> _TASK BRIEF_
Where a line holds the word "color", count it, then give only the total for the entries below.
:: SUPPLIED RECORDS ::
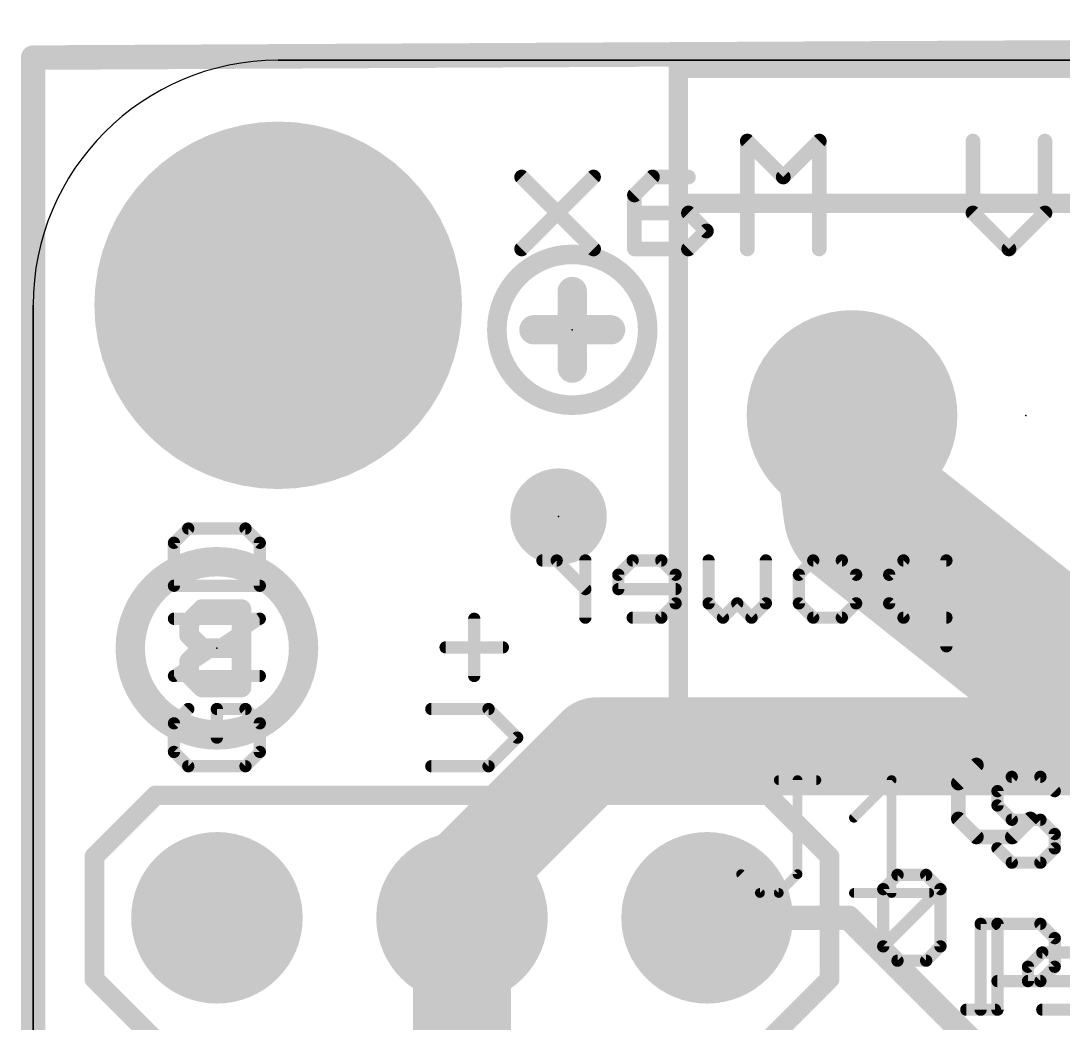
# Model space of a CAD drawing. Extents: x -1.3 to 52.1, y -0.1 to 23.3.
# Drawn here: x -0.13 to 10.68, y 12.88 to 23.27 of the extents above; entities that cross this region are included whole.
import ezdxf

# ---------------------------------------------------------------- set-up
doc = ezdxf.new("R2010")
doc.units = 0
for name, color, linetype in [('1', 12, 'CONTINUOUS'), ('16', 132, 'CONTINUOUS'), ('17', 110, 'CONTINUOUS'), ('20', 53, 'CONTINUOUS'), ('21', 40, 'CONTINUOUS'), ('22', 40, 'CONTINUOUS'), ('23', 53, 'CONTINUOUS'), ('24', 53, 'CONTINUOUS'), ('25', 253, 'CONTINUOUS')]:
    doc.layers.add(name, color=color, linetype=linetype)

# ---------------------------------------------------------------- blocks, each defined once
blk = doc.blocks.new('PIE')
at = {"const_width": 0.5}
blk.add_lwpolyline([(0, -0.25, 1), (0, 0.25, 1), (0, -0.25)], format="xyb", dxfattribs=at)
blk = doc.blocks.new('ROUNDP')
at = {"const_width": 0.5}
blk.add_lwpolyline([(0, -0.25, 1), (0, 0.25, 1), (0, -0.25)], format="xyb", dxfattribs=at)

msp = doc.modelspace()

# ---------------------------------------------------------------- linework, layer by layer
at = {"layer": '1'}
for points, const_width in [([(8.487, 19.177), (8.614, 18.183)], 1.6764), ([(8.614, 18.183), (14.782, 13.285)], 1.6764), ([(4.445, 13.97), (4.445, 11.43)], 1.016), ([(6.985, 13.97), (8.451, 13.97)], 0.254), ([(8.451, 13.97), (10.453, 11.968)], 0.254)]:
    msp.add_lwpolyline(points, dxfattribs=dict(at, const_width=const_width))
for points, const_width in [([(8.9027, 19.2301, 1), (8.0713, 19.1239)], 0.8382), ([(8.8746, 18.5112, 1), (8.3534, 17.8548)], 0.8382), ([(8.1983, 18.1299, 1), (9.0297, 18.2361)], 0.8382), ([(4.699, 13.97, 1), (4.191, 13.97)], 0.508), ([(6.985, 14.0335, 1), (6.985, 13.9065)], 0.127), ([(8.4959, 14.0149, 1), (8.4061, 13.9251)], 0.127), ([(8.451, 13.9065, 1), (8.451, 14.0335)], 0.127)]:
    msp.add_lwpolyline(points, format="xyb", dxfattribs=dict(at, const_width=const_width))
at = {"layer": '16'}
for points, const_width in [([(0, 22.888), (50.967, 23.142)], 0.254), ([(0, 0), (0, 22.888)], 0.254), ([(4.445, 14.351), (5.842, 15.748)], 1.016), ([(5.842, 15.748), (17.145, 15.748)], 1.016), ([(4.445, 13.97), (4.445, 14.351)], 0.8128)]:
    msp.add_lwpolyline(points, dxfattribs=dict(at, const_width=const_width))
for points, const_width in [([(0.0635, 22.888, 1), (-0.0635, 22.888)], 0.127), ([(-0.0003, 22.9515, 1), (0.0003, 22.8245)], 0.127), ([(5.842, 16.002, 1), (5.842, 15.494)], 0.508), ([(6.0216, 15.5684, 1), (5.6624, 15.9276)], 0.508), ([(4.2654, 14.5306, 1), (4.6246, 14.1714)], 0.508), ([(4.6482, 14.351, 1), (4.2418, 14.351)], 0.4064), ([(4.2418, 13.97, 1), (4.6482, 13.97)], 0.4064)]:
    msp.add_lwpolyline(points, format="xyb", dxfattribs=dict(at, const_width=const_width))
at = {"layer": '20'}
for p, q in [((2.54, 22.86), (48.26, 22.86)), ((48.26, 22.86), (2.54, 22.86)), ((0, 2.54), (0, 20.32)), ((0, 20.32), (0, 2.54))]:
    msp.add_line(p, q, dxfattribs=at)
msp.add_arc((2.54, 20.32), 2.54, 90, 180, dxfattribs=at)
msp.add_arc((2.54, 20.32), 2.54, 90, 180, dxfattribs=at)
at = {"layer": '21'}
for points, const_width in [([(13.687, 22.777), (6.687, 22.777)], 0.2032), ([(6.687, 22.777), (6.687, 21.377)], 0.2032), ([(6.687, 21.377), (6.687, 15.777)], 0.2032), ([(13.687, 21.377), (6.687, 21.377)], 0.2032), ([(5.588, 20.4628), (5.588, 19.6692)], 0.3048), ([(5.9848, 20.066), (5.1911, 20.066)], 0.3048), ([(1.608, 18.0057), (1.4597, 17.8574)], 0.127), ([(2.2012, 18.0057), (1.608, 18.0057)], 0.127), ([(2.3495, 17.8574), (2.2012, 18.0057)], 0.127), ([(1.4597, 17.8574), (1.4597, 17.4125)], 0.127), ([(2.3495, 17.4125), (2.3495, 17.8574)], 0.127), ([(1.4597, 17.4125), (2.3495, 17.4125)], 0.127), ([(1.4597, 16.477), (2.3495, 17.0702)], 0.127), ([(2.3495, 17.0702), (1.4597, 17.0702)], 0.127), ([(4.5716, 16.477), (4.5716, 17.0702)], 0.127), ([(4.275, 16.7736), (4.8682, 16.7736)], 0.127), ([(2.3495, 16.477), (1.4597, 16.477)], 0.127), ([(1.608, 16.1347), (1.4597, 15.9864)], 0.127), ([(2.2012, 16.1347), (1.9046, 16.1347)], 0.127), ([(1.9046, 16.1347), (1.9046, 15.8381)], 0.127), ([(2.3495, 15.9864), (2.2012, 16.1347)], 0.127), ([(4.7199, 16.1347), (4.1267, 16.1347)], 0.127), ([(5.0165, 15.8381), (4.7199, 16.1347)], 0.127), ([(1.4597, 15.9864), (1.4597, 15.6898)], 0.127), ([(2.3495, 15.6898), (2.3495, 15.9864)], 0.127), ([(4.7199, 15.5415), (5.0165, 15.8381)], 0.127), ([(6.687, 15.777), (13.687, 15.777)], 0.2032), ([(1.4597, 15.6898), (1.608, 15.5415)], 0.127), ([(2.2012, 15.5415), (2.3495, 15.6898)], 0.127), ([(1.608, 15.5415), (2.2012, 15.5415)], 0.127), ([(4.1267, 15.5415), (4.7199, 15.5415)], 0.127), ([(10.143, 15.4313), (9.9947, 15.283)], 0.127), ([(10.4395, 15.4313), (10.143, 15.4313)], 0.127), ([(10.5878, 15.283), (10.4395, 15.4313)], 0.127), ([(0.635, 14.605), (1.27, 15.24)], 0.2032), ([(1.27, 15.24), (7.62, 15.24)], 0.2032), ([(8.255, 14.605), (7.62, 15.24)], 0.2032), ([(9.9947, 15.283), (9.9947, 15.1347)], 0.127), ([(9.9947, 15.1347), (10.143, 14.9864)], 0.127), ([(10.143, 14.9864), (10.4395, 14.9864)], 0.127), ([(10.4395, 14.9864), (10.5878, 14.8381)], 0.127), ([(10.5878, 14.8381), (10.5878, 14.6898)], 0.127), ([(0.635, 13.335), (0.635, 14.605)], 0.2032), ([(8.255, 13.335), (8.255, 14.605)], 0.2032), ([(10.143, 14.5415), (9.9947, 14.6898)], 0.127), ([(10.5878, 14.6898), (10.4395, 14.5415)], 0.127), ([(10.4395, 14.5415), (10.143, 14.5415)], 0.127), ([(8.8105, 14.267), (8.9588, 14.4153)], 0.127), ([(8.9588, 14.4153), (9.2554, 14.4153)], 0.127), ([(9.2554, 14.4153), (9.4037, 14.267)], 0.127), ([(8.8105, 13.6738), (8.8105, 14.267)], 0.127), ([(8.8105, 13.6738), (9.4037, 14.267)], 0.127), ([(9.4037, 14.267), (9.4037, 13.6738)], 0.127), ([(9.9947, 13.0175), (9.9947, 13.9073)], 0.127), ([(9.9947, 13.9073), (10.4395, 13.9073)], 0.127), ([(10.4395, 13.9073), (10.5878, 13.759)], 0.127), ([(8.9588, 13.5255), (8.8105, 13.6738)], 0.127), ([(9.4037, 13.6738), (9.2554, 13.5255)], 0.127), ([(10.5878, 13.759), (10.5878, 13.4624)], 0.127), ([(9.2554, 13.5255), (8.9588, 13.5255)], 0.127), ([(10.5878, 13.4624), (10.4395, 13.3141)], 0.127), ([(1.27, 12.7), (0.635, 13.335)], 0.2032), ([(7.62, 12.7), (8.255, 13.335)], 0.2032), ([(10.4395, 13.3141), (9.9947, 13.3141)], 0.127)]:
    msp.add_lwpolyline(points, dxfattribs=dict(at, const_width=const_width))
for points, const_width in [([(6.687, 22.8278, 1), (6.687, 22.7262)], 0.1016), ([(6.7378, 22.777, 1), (6.6362, 22.777)], 0.1016), ([(6.7378, 21.377, 1), (6.6362, 21.377)], 0.1016), ([(6.687, 21.4278, 1), (6.687, 21.3262)], 0.1016), ([(6.6362, 21.377, 1), (6.7378, 21.377)], 0.1016), ([(5.588, 19.2843, 1), (5.588, 20.8477, 1), (5.588, 19.2843)], 0.2032), ([(5.6642, 20.4628, 1), (5.5118, 20.4628)], 0.1524), ([(5.1911, 20.1422, 1), (5.1911, 19.9898)], 0.1524), ([(5.9848, 19.9898, 1), (5.9848, 20.1422)], 0.1524), ([(5.5118, 19.6692, 1), (5.6642, 19.6692)], 0.1524), ([(1.608, 18.0375, 1), (1.608, 17.974)], 0.0635), ([(1.6305, 17.9833, 1), (1.5856, 18.0282)], 0.0635), ([(2.2237, 18.0282, 1), (2.1788, 17.9833)], 0.0635), ([(2.2012, 17.974, 1), (2.2012, 18.0375)], 0.0635), ([(1.4915, 17.8574, 1), (1.428, 17.8574)], 0.0635), ([(1.4373, 17.8799, 1), (1.4822, 17.835)], 0.0635), ([(2.3813, 17.8574, 1), (2.3177, 17.8574)], 0.0635), ([(2.327, 17.835, 1), (2.372, 17.8799)], 0.0635), ([(1.4597, 17.4443, 1), (1.4597, 17.3808)], 0.0635), ([(1.428, 17.4125, 1), (1.4915, 17.4125)], 0.0635), ([(2.3177, 17.4125, 1), (2.3813, 17.4125)], 0.0635), ([(2.3495, 17.3808, 1), (2.3495, 17.4443)], 0.0635), ([(1.4597, 17.1019, 1), (1.4597, 17.0384)], 0.0635), ([(2.3671, 17.0438, 1), (2.3319, 17.0966)], 0.0635), ([(2.3495, 17.0384, 1), (2.3495, 17.1019)], 0.0635), ([(4.6034, 17.0702, 1), (4.5399, 17.0702)], 0.0635), ([(4.275, 16.8054, 1), (4.275, 16.7419)], 0.0635), ([(4.8682, 16.7419, 1), (4.8682, 16.8054)], 0.0635), ([(1.4597, 16.5088, 1), (1.4597, 16.4453)], 0.0635), ([(1.4421, 16.5034, 1), (1.4774, 16.4506)], 0.0635), ([(2.3495, 16.4453, 1), (2.3495, 16.5088)], 0.0635), ([(4.5399, 16.477, 1), (4.6034, 16.477)], 0.0635), ([(1.6305, 16.1122, 1), (1.5856, 16.1571)], 0.0635), ([(1.9046, 16.1664, 1), (1.9046, 16.1029)], 0.0635), ([(1.9364, 16.1347, 1), (1.8729, 16.1347)], 0.0635), ([(2.2237, 16.1571, 1), (2.1788, 16.1122)], 0.0635), ([(2.2012, 16.1029, 1), (2.2012, 16.1664)], 0.0635), ([(4.1267, 16.1664, 1), (4.1267, 16.1029)], 0.0635), ([(4.7424, 16.1571, 1), (4.6975, 16.1122)], 0.0635), ([(4.7199, 16.1029, 1), (4.7199, 16.1664)], 0.0635), ([(1.4915, 15.9864, 1), (1.428, 15.9864)], 0.0635), ([(1.4373, 16.0088, 1), (1.4822, 15.9639)], 0.0635), ([(2.3813, 15.9864, 1), (2.3177, 15.9864)], 0.0635), ([(2.327, 15.9639, 1), (2.372, 16.0088)], 0.0635), ([(4.994, 15.8156, 1), (5.039, 15.8605)], 0.0635), ([(5.039, 15.8156, 1), (4.994, 15.8605)], 0.0635), ([(1.8729, 15.8381, 1), (1.9364, 15.8381)], 0.0635), ([(6.687, 15.8278, 1), (6.687, 15.7262)], 0.1016), ([(6.6362, 15.777, 1), (6.7378, 15.777)], 0.1016), ([(1.428, 15.6898, 1), (1.4915, 15.6898)], 0.0635), ([(1.4822, 15.7122, 1), (1.4373, 15.6673)], 0.0635), ([(2.3177, 15.6898, 1), (2.3813, 15.6898)], 0.0635), ([(2.372, 15.6673, 1), (2.327, 15.7122)], 0.0635), ([(1.608, 15.5733, 1), (1.608, 15.5098)], 0.0635), ([(1.5856, 15.519, 1), (1.6305, 15.564)], 0.0635), ([(2.1788, 15.564, 1), (2.2237, 15.519)], 0.0635), ([(2.2012, 15.5098, 1), (2.2012, 15.5733)], 0.0635), ([(4.1267, 15.5733, 1), (4.1267, 15.5098)], 0.0635), ([(4.6975, 15.564, 1), (4.7424, 15.519)], 0.0635), ([(4.7199, 15.5098, 1), (4.7199, 15.5733)], 0.0635), ([(10.143, 15.463, 1), (10.143, 15.3995)], 0.0635), ([(10.1654, 15.4088, 1), (10.1205, 15.4537)], 0.0635), ([(10.462, 15.4537, 1), (10.4171, 15.4088)], 0.0635), ([(10.4395, 15.3995, 1), (10.4395, 15.463)], 0.0635), ([(1.27, 15.2908, 1), (1.27, 15.1892)], 0.1016), ([(1.3059, 15.2041, 1), (1.2341, 15.2759)], 0.1016), ([(7.6559, 15.2759, 1), (7.5841, 15.2041)], 0.1016), ([(7.62, 15.1892, 1), (7.62, 15.2908)], 0.1016), ([(10.0264, 15.283, 1), (9.9629, 15.283)], 0.0635), ([(9.9722, 15.3054, 1), (10.0171, 15.2605)], 0.0635), ([(10.5654, 15.2605, 1), (10.6103, 15.3054)], 0.0635), ([(9.9629, 15.1347, 1), (10.0264, 15.1347)], 0.0635), ([(10.0171, 15.1571, 1), (9.9722, 15.1122)], 0.0635), ([(10.143, 15.0181, 1), (10.143, 14.9546)], 0.0635), ([(10.1205, 14.9639, 1), (10.1654, 15.0088)], 0.0635), ([(10.462, 15.0088, 1), (10.4171, 14.9639)], 0.0635), ([(10.4395, 14.9546, 1), (10.4395, 15.0181)], 0.0635), ([(10.6196, 14.8381, 1), (10.5561, 14.8381)], 0.0635), ([(10.5654, 14.8156, 1), (10.6103, 14.8605)], 0.0635), ([(0.6858, 14.605, 1), (0.5842, 14.605)], 0.1016), ([(0.5991, 14.6409, 1), (0.6709, 14.5691)], 0.1016), ([(8.3058, 14.605, 1), (8.2042, 14.605)], 0.1016), ([(8.2191, 14.5691, 1), (8.2909, 14.6409)], 0.1016), ([(10.0171, 14.7122, 1), (9.9722, 14.6673)], 0.0635), ([(10.5561, 14.6898, 1), (10.6196, 14.6898)], 0.0635), ([(10.6103, 14.6673, 1), (10.5654, 14.7122)], 0.0635), ([(10.143, 14.5733, 1), (10.143, 14.5098)], 0.0635), ([(10.1205, 14.519, 1), (10.1654, 14.564)], 0.0635), ([(10.4171, 14.564, 1), (10.462, 14.519)], 0.0635), ([(10.4395, 14.5098, 1), (10.4395, 14.5733)], 0.0635), ([(8.9588, 14.447, 1), (8.9588, 14.3835)], 0.0635), ([(8.9812, 14.3928, 1), (8.9363, 14.4377)], 0.0635), ([(9.2778, 14.4377, 1), (9.2329, 14.3928)], 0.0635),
:::
> _EXERCISE RESPONSE_
2